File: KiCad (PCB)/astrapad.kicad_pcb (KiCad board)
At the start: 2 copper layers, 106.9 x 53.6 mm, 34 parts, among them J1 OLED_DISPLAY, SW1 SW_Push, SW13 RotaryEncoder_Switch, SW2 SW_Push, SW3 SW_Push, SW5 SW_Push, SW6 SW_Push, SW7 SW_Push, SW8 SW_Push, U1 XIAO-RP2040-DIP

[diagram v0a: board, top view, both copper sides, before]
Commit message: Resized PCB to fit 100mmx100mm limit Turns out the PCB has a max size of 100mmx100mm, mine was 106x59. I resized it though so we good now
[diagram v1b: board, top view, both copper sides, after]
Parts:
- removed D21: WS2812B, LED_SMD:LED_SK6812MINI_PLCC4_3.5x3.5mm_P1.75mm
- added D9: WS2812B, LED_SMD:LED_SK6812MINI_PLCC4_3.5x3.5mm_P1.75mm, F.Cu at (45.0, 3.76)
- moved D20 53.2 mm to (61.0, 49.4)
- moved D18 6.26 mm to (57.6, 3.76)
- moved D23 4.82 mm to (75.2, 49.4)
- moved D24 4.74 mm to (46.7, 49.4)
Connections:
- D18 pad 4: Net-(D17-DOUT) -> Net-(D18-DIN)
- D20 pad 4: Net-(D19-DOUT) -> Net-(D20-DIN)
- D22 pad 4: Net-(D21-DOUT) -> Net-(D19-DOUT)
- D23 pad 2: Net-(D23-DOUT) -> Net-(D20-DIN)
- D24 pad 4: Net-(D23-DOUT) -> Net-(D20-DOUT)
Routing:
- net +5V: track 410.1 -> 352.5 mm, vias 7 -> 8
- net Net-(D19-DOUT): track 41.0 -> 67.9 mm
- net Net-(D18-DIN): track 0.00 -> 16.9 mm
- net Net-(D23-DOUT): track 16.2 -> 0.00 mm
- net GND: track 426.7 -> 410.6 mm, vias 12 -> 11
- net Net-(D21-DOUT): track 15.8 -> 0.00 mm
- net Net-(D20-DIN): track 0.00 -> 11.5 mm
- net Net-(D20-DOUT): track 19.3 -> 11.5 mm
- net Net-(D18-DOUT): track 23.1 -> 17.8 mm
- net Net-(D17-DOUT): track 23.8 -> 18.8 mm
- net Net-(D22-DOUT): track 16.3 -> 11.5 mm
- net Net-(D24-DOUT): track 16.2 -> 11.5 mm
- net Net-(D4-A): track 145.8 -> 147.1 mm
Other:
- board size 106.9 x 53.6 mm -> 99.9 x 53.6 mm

☆ ☆ ☆ ☆ ☆

Working through the data above, find every line holding "vias" and copy it.

* **Exercise result**
- net +5V: track 410.1 -> 352.5 mm, vias 7 -> 8
- net GND: track 426.7 -> 410.6 mm, vias 12 -> 11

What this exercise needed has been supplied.